DATA UNDER STUDY Start Marker
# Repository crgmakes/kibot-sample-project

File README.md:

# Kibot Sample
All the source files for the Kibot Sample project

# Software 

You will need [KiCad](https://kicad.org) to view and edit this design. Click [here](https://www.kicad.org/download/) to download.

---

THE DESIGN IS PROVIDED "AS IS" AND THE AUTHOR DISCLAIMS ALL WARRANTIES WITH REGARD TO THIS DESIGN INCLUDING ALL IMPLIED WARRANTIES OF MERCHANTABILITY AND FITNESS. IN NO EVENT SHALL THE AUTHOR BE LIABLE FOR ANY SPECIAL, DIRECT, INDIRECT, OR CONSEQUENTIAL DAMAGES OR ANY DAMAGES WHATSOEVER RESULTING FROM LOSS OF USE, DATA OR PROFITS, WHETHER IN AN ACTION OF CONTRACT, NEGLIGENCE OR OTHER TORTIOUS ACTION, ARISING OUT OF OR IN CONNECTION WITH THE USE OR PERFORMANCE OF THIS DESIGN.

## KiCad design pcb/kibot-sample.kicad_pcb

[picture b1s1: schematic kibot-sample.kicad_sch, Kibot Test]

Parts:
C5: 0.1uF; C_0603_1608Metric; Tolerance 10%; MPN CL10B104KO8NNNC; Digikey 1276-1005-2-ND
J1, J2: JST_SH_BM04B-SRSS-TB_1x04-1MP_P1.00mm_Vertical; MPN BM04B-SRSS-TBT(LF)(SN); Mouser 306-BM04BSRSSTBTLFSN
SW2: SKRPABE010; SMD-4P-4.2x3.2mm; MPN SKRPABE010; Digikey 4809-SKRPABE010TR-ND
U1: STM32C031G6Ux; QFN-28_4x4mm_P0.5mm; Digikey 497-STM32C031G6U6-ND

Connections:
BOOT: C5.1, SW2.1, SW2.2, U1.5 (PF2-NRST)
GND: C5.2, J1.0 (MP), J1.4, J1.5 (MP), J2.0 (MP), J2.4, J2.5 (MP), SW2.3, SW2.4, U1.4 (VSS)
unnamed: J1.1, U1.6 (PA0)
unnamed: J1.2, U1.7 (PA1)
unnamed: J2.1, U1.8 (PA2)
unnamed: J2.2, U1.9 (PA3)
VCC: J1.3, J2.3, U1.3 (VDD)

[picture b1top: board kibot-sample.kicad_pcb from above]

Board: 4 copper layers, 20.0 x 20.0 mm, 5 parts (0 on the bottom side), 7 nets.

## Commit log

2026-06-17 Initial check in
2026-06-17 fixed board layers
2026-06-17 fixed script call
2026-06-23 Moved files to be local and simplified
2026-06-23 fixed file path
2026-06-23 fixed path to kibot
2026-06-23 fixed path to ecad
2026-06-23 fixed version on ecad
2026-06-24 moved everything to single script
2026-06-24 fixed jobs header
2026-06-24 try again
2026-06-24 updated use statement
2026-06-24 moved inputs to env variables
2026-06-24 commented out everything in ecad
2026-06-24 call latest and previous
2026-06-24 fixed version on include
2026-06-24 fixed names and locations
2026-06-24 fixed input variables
DATA UNDER STUDY End Marker
> _AIM OF THE EXERCISE_:
If the string "files" is in a line of the entries, pick that line out.

> _EXERCISE ANSWER_:
All the source files for the Kibot Sample project
2026-06-23 Moved files to be local and simplified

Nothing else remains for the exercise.